Again, if it’s not fulfilling its purpose in practice, who cares?
It’s not hard to describe those in terms of behavior. Most likely the benefit is that diagnosing patients would require actually examining them.
There wasn’t that much variation in outcomes, but fine, do a replication.
Overall, this picks some valid nits, but sweeps most interesting data under the carpet. An average of 19 days to notice someone has no symptoms is not negligible!
Link the second:
Also, doctors sometimes have to detect malingering outside of experiments.
Yvain does:
Thanks for spending the time to respond point by point. I’d love to do the same, but this thread would become a bit unwieldy. However, of all the argument mapping software I’ve looked at, this one seems to be the best: http://workflowy.com/
I transferred your points and counter-points into this and then responded to a few of them (I’ll finish responding when I’ve got a bit more time):
This document can be edited by anybody with this link, so please feel free to chime in. As I mentioned earlier, I’m starting a blog. The goal being to crowdsource ideas on how to make better argument mapping software from the LW community (rather than having discussion isolated to scattered posts). A huge part of this is sketching out example argument maps like the one aove.
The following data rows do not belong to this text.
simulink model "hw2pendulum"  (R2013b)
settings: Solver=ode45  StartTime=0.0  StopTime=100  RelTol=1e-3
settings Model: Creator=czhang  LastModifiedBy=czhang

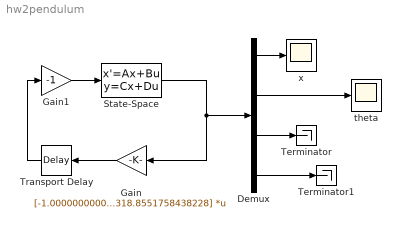
== system hw2pendulum ==
  Demux : Demux
  Gain : Gain  Gain="[-1.0000000000022 -325.6026451744055 -6.7416258738856  -318.8551758438228]"  Multiplication=Matrix(K*u)
  Gain1 : Gain  Gain=-1
  State-Space : StateSpace  A=[0 0 1 0; 0 0 0 1; 0 -9.8*1/10 0 0; 0 9.8*11/(10*10) 0 0]  B=[0; 0; 1/10; -1/(10*10)]  C=eye(4)  D=[0; 0; 0; 0]  X0=.5*[1 1 1 1]
  Terminator : Terminator
  Terminator1 : Terminator
  Transport Delay : TransportDelay  DelayTime=.4
  theta : Scope
  x : Scope
  wires:
  State-Space/1 -> Gain/1, Demux/1
  Demux/4 -> Terminator1/1
  Demux/3 -> Terminator/1
  Demux/2 -> theta/1
  Demux/1 -> x/1
  Gain/1 -> Transport Delay/1
  Transport Delay/1 -> Gain1/1
  Gain1/1 -> State-Space/1
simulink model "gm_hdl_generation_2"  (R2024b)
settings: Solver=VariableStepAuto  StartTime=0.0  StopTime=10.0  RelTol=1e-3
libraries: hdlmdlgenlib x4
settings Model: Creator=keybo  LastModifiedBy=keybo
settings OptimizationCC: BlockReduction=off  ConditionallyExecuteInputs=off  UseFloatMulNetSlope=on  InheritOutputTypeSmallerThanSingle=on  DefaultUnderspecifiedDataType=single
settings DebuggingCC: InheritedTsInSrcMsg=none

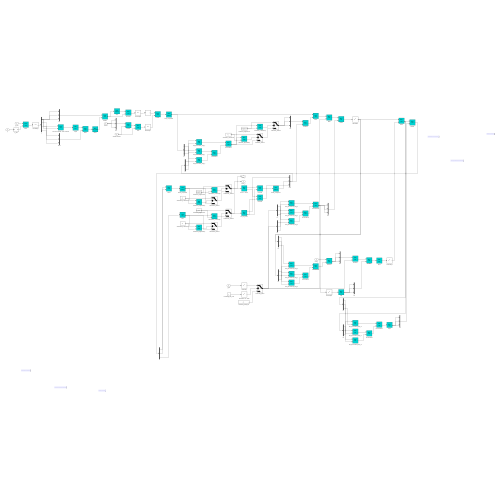
[thumbnail: Simulink's stored preview of the top-level diagram]
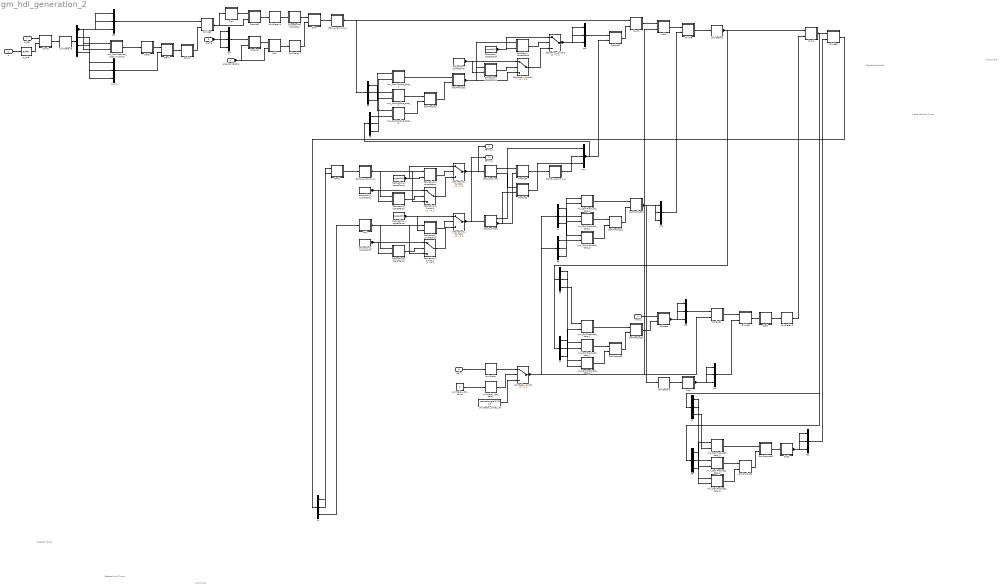
== system gm_hdl_generation_2 ==
  note: Attitude Controller
  note: Perpendicular Thrust
  note: Parallel Thrust
  note: Desired Unit Thrust
  note: Input to PID
  note: Unit Thrust
  q_des : Inport  OutDataTypeStr=single  PortDimensions=[4]  SampleTime=0.001
  q : Inport  Port=2  OutDataTypeStr=single  PortDimensions=[4]  SampleTime=0.001
  Inertia : Inport  Port=3  OutDataTypeStr=single  PortDimensions=1  SampleTime=0.001
  Angular Velocity : Inport  Port=4  OutDataTypeStr=single  PortDimensions=[3]  SampleTime=0.001
  r_gim : Inport  Port=5  OutDataTypeStr=single  PortDimensions=[3]  SampleTime=0.001
  norm_t : Inport  Port=6  OutDataTypeStr=single  PortDimensions=1  SampleTime=0.001
  Add : Subsystem
      mask Display: disp('NFP\nadd');
  Add1 : Subsystem
      mask Display: disp('NFP\nadd');
  Asin : Subsystem
      mask Display: disp('NFP\ntrig');
  Atan1 : Subsystem
      mask Display: disp('NFP\ntrig3');
  Atan2 : Subsystem
      mask Display: disp('NFP\ntrig3');
  Cos1_to_sincos : Subsystem
      mask Display: disp('NFP\ntrig2');
  Cos_to_sincos : Subsystem
      mask Display: disp('NFP\ntrig2');
  Discrete PID Controller : Subsystem
  Divide : Subsystem
      mask Display: disp('NFP\nmul');
  Divide1 : Subsystem
      mask Display: disp('NFP\nmul');
  Divide2 : Subsystem
      mask Display: disp('NFP\nmul');
  Divide3 : Subsystem
      mask Display: disp('NFP\nmul');
  Dot Product : Subsystem
      mask Display: disp('NFP\nadd');
  Dot Product1 : Subsystem
      mask Display: disp('NFP\nadd');
  Dot Product11 : Subsystem
      mask Display: disp('NFP\nadd');
  Dot Product12 : Subsystem
      mask Display: disp('NFP\nadd');
  Dot Product2 : Subsystem
      mask Display: disp('NFP\nadd');
  Dot Product21 : Subsystem
      mask Display: disp('NFP\nadd');
  Dot Product3 : Subsystem
      mask Display: disp('NFP\nadd');
  Dot Product31 : Subsystem
      mask Display: disp('NFP\nadd');
  Gain1 : Subsystem
      mask Display: disp('NFP\ngain_pow2');
  Gain2_unaryminus : Subsystem
      mask Display: disp('NFP\numinus');
  Gain3_unaryminus : Subsystem
      mask Display: disp('NFP\numinus');
  Gain_unaryminus : Subsystem
      mask Display: disp('NFP\numinus');
  Product : Subsystem
      mask Display: disp('NFP\nmul');
  Product1 : Subsystem
      mask Display: disp('NFP\nmul');
  Product2 : Subsystem
      mask Display: disp('NFP\nmul');
  Product3 : Subsystem
      mask Display: disp('NFP\nmul');
  Product4 : Subsystem
      mask Display: disp('NFP\nmul');
  Product5 : Subsystem
      mask Display: disp('NFP\nmul');
  Saturation1_LowerConst : Constant  Value=single(-0.5)  OutDataTypeStr=single  SampleTime=0.001
  Saturation1_LowerRelop : Subsystem
      mask Display: disp('NFP\nrelop');
  Saturation1_Switch1 : Switch  Criteria=u2 ~= 0  Threshold=double(0)  OutDataTypeStr=single  SampleTime=0.001  SaturateOnIntegerOverflow=off  InputSameDT=off
  Saturation1_Switch2 : Switch  Criteria=u2 ~= 0  Threshold=double(0)  OutDataTypeStr=single  SampleTime=0.001  SaturateOnIntegerOverflow=off  InputSameDT=off
  Saturation1_UpperConst : Constant  Value=single(0.5)  OutDataTypeStr=single  SampleTime=0.001
  Saturation1_UpperRelop : Subsystem
      mask Display: disp('NFP\nrelop');
  Saturation2_LowerConst : Constant  Value=single(-0.5)  OutDataTypeStr=single  SampleTime=0.001
  Saturation2_LowerRelop : Subsystem
      mask Display: disp('NFP\nrelop');
  Saturation2_Switch1 : Switch  Criteria=u2 ~= 0  Threshold=double(0)  OutDataTypeStr=single  SampleTime=0.001  SaturateOnIntegerOverflow=off  InputSameDT=off
  Saturation2_Switch2 : Switch  Criteria=u2 ~= 0  Threshold=double(0)  OutDataTypeStr=single  SampleTime=0.001  SaturateOnIntegerOverflow=off  InputSameDT=off
  Saturation2_UpperConst : Constant  Value=single(0.5)  OutDataTypeStr=single  SampleTime=0.001
  Saturation2_UpperRelop : Subsystem
      mask Display: disp('NFP\nrelop');
  Saturation_LowerConst : Constant  Value=single(-0.5)  OutDataTypeStr=single  SampleTime=0.001
  Saturation_LowerRelop : Subsystem
      mask Display: disp('NFP\nrelop');
  Saturation_Switch1 : Switch  Criteria=u2 ~= 0  Threshold=double(0)  OutDataTypeStr=single  SampleTime=0.001  SaturateOnIntegerOverflow=off  InputSameDT=off
  Saturation_Switch2 : Switch  Criteria=u2 ~= 0  Threshold=double(0)  OutDataTypeStr=single  SampleTime=0.001  SaturateOnIntegerOverflow=off  InputSameDT=off
  Saturation_UpperConst : Constant  Value=single(0.5)  OutDataTypeStr=single  SampleTime=0.001
  Saturation_UpperRelop : Subsystem
      mask Display: disp('NFP\nrelop');
  Sign : Subsystem
      mask Display: disp('NFP\nsignum');
  Sqrt : Subsystem
      mask Display: disp('NFP\nsqrt');
  Sqrt1 : Subsystem
      mask Display: disp('NFP\nsqrt');
  Sqrt2 : Subsystem
      mask Display: disp('NFP\nsqrt');
  Sqrt3 : Subsystem
      mask Display: disp('NFP\nsqrt');
  Subtract : Subsystem
      mask Display: disp('NFP\nadd');
  Sum : Subsystem
      mask Display: disp('NFP\nadd');
  Sum1 : Subsystem
      mask Display: disp('NFP\nadd');
  Sum2 : Subsystem
      mask Display: disp('NFP\nadd');
  Sum3 : Subsystem
      mask Display: disp('NFP\nadd');
  Unit Delay{,1..3,5..7} (7 alike) : Delay  DelayLength=double(1)  InitialCondition=0  SampleTime=0.001
  Unit Delay_Initial_Val : Constant  Value="repmat(single(1),[3  1])"  OutDataTypeStr=single  SampleTime=0.001
  Unit Delay_ctrl_const : Constant  OutDataTypeStr=boolean  SampleTime=0.001
  Unit Delay_ctrl_delay : Delay  DelayLength=double(1)  InitialCondition=0  SampleTime=0.001
  Unit Delay_switch : Switch  Criteria=u2 ~= 0  Threshold=double(0)  OutDataTypeStr=single  SampleTime=0.001  SaturateOnIntegerOverflow=off  InputSameDT=off
  mul_Dot Product1_dotp_0 : Subsystem
      mask Display: disp('NFP\nmul');
  mul_Dot Product1_dotp_1 : Subsystem
      mask Display: disp('NFP\nmul');
  mul_Dot Product1_dotp_2 : Subsystem
      mask Display: disp('NFP\nmul');
  mul_Dot Product2_dotp_0 : Subsystem
      mask Display: disp('NFP\nmul');
  mul_Dot Product2_dotp_1 : Subsystem
      mask Display: disp('NFP\nmul');
  mul_Dot Product2_dotp_2 : Subsystem
      mask Display: disp('NFP\nmul');
  mul_Dot Product3_dotp_0 : Subsystem
      mask Display: disp('NFP\nmul');
  mul_Dot Product3_dotp_1 : Subsystem
      mask Display: disp('NFP\nmul');
  mul_Dot Product3_dotp_2 : Subsystem
      mask Display: disp('NFP\nmul');
  mul_Dot Product4_dotp_mulcomp : Subsystem
      mask Display: disp('NFP\nmul');
  mul_Dot Product_dotp_0 : Subsystem
      mask Display: disp('NFP\nmul');
  mul_Dot Product_dotp_1 : Subsystem
      mask Display: disp('NFP\nmul');
  mul_Dot Product_dotp_2 : Subsystem
      mask Display: disp('NFP\nmul');
  mux : Mux  Inputs=3
  mux1 : Mux  Inputs=3
  q_wire : hdlmdlgenlib/Buffer
  t : Demux
  t{1..9} (9 alike) : Demux  Outputs=3
  t{10..16} (7 alike) : Mux  Inputs=3
  servo_x : Outport  SampleTime=0.001  VectorParamsAs1DForOutWhenUnconnected=off
  servo_y : Outport  Port=2  SampleTime=0.001  VectorParamsAs1DForOutWhenUnconnected=off
  wires:
  mul_Dot Product1_dotp_1/1(Out1) -> Dot Product11/1(In1)
  Dot Product31/1(Out1) -> Sqrt2/1(In1)
  t/3 -> mux1/2
  Saturation1_LowerRelop/1(Out1) -> Saturation1_Switch2/2
  Product3/1(Out1) -> Unit Delay6/1
  Unit Delay_switch/1 -> t4/1, t5/1, Product1/2(In2), Add1/2(In2)
  Discrete PID Controller/1(y) -> Sum/1(In1)
  Sqrt/1(Out1) -> t11/1, t11/2, t11/3
  t2/1 -> mul_Dot Product_dotp_0/1(In1)
  r_gim/1 -> Unit Delay/1
  Divide3/1(Out1) -> Sign/1(In1), Product3/2(In2)
  Dot Product2/1(Out1) -> Dot Product21/2(In2)
  Saturation2_UpperRelop/1(Out1) -> Saturation2_Switch1/2
  t2/3 -> mul_Dot Product_dotp_2/1(In1)
  Unit Delay_ctrl_delay/1 -> Unit Delay_switch/2
  t4/2 -> mul_Dot Product1_dotp_1/1(In1)
  Unit Delay_ctrl_const/1 -> Unit Delay_ctrl_delay/1
  t6/3 -> mul_Dot Product2_dotp_2/1(In1)
  Saturation2_UpperConst/1 -> Saturation2_LowerRelop/2(In2), Saturation2_Switch2/1
  mul_Dot Product2_dotp_1/1(Out1) -> Dot Product2/1(In1)
  Saturation2_LowerConst/1 -> Saturation2_UpperRelop/2(In2), Saturation2_Switch1/1
  Unit Delay3/1 -> Sum1/2(In2)
  Cos_to_sincos/1(Out1) -> mux/1
  t1/1 -> Atan2/1(In1)
  Unit Delay_Initial_Val/1 -> Unit Delay_switch/3
  t2/2 -> mul_Dot Product_dotp_1/1(In1)
  t1/2 -> Atan2/2(In2)
  t/4 -> mux1/3
  Cos_to_sincos/2(Out2) -> Product5/2(In2), Product4/2(In2)
  Dot Product11/1(Out1) -> Dot Product12/2(In2)
  mul_Dot Product3_dotp_0/1(Out1) -> Dot Product3/2(In2)
  Unit Delay2/1 -> Sqrt/1(In1)
  t/2 -> mux1/1
  t3/1 -> mul_Dot Product_dotp_0/2(In2)
  Sum2/1(Out1) -> Add1/1(In1)
  t4/3 -> mul_Dot Product1_dotp_2/1(In1)
  q_wire/1 -> Sum3/2(In2)
  Saturation1_Switch2/1 -> Cos1_to_sincos/1(In1), servo_x/1
  Sign/1(Out1) -> Product3/1(In1)
  Inertia/1 -> t14/1, t14/2, t14/3
  Dot Product12/1(Out1) -> t10/2, Unit Delay2/1, t10/1, t10/3
  Sum1/1(Out1) -> Divide2/1(In1), t9/1, t8/1
  t3/3 -> mul_Dot Product_dotp_2/2(In2)
  t3/2 -> mul_Dot Product_dotp_1/2(In2)
  t5/1 -> mul_Dot Product1_dotp_0/2(In2)
  t4/1 -> mul_Dot Product1_dotp_0/1(In1)
  Product5/1(Out1) -> mux/3
  t11/1 -> Divide1/2(In2)
  Sqrt3/1(Out1) -> Atan1/1(In1)
  norm_t/1 -> Subtract/1(In1)
  mul_Dot Product_dotp_2/1(Out1) -> Dot Product1/1(In1)
  Unit Delay1/1 -> Sum1/1(In1), t7/1, t6/1
  mul_Dot Product3_dotp_1/1(Out1) -> Dot Product3/1(In1)
  t8/2 -> mul_Dot Product3_dotp_1/1(In1)
  Add/1(Out1) -> Unit Delay7/1
  mul_Dot Product1_dotp_2/1(Out1) -> Dot Product12/1(In1)
  t16/1 -> Product2/1(In1)
  Sqrt2/1(Out1) -> t12/1, t12/2, t12/3
  Saturation_UpperConst/1 -> Saturation_LowerRelop/2(In2), Saturation_Switch2/1
  Saturation1_Switch1/1 -> Saturation1_Switch2/3
  Dot Product1/1(Out1) -> Saturation_Switch1/3, Saturation_UpperRelop/1(In1), Saturation_LowerRelop/1(In1)
  Gain_unaryminus/1(Out1) -> t2/1, Sum2/1(In1)
  Saturation_Switch1/1 -> Saturation_Switch2/3
  Angular Velocity/1 -> Product/2(In2), Add/2(In2)
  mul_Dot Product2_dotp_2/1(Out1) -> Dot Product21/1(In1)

For the most part, I agree with the sentiment expressed by Rosenhan. In fact, I agreed so much that I failed (I blame wikipedia :) ) to look at counter-arguments until recently as part of an effort to re-examine my old beliefs and formalize them into argument maps. Thanks for posting this. I wouldn’t have been motivated to formalize this into bullet points otherwise.
Did someone delete all of your arguments? I got there, and nothing was there. Maybe I’m doing something wrong and so I can’t see what you’re talking about?
I just checked, and nobody deleted all of my arguments. If you click on this link:
https://workflowy.com/shared/c9e57ddb-d684-ede5-0511-8b8d11c561e0/
I still see nothing.
Do you see the “meta” note that I made on there?
I do see your meta comment… I’m not sure what you mean by it though.
I mean that by separating the pro and con arguments it becomes more difficult to trace the lines of argument and counterargument. Rebuttals are harder to follow if you have to sort through a list of bullet points to find the one that’s relevant to them.
I also made the comment to test whether or not you could see my comments. You can. That probably means that I’m doing something wrong or that you’re writing in some equivalent of invisible e-ink. I can’t think what I might be doing wrong though. I’m not too concerned about seeing the site though, so don’t worry about it.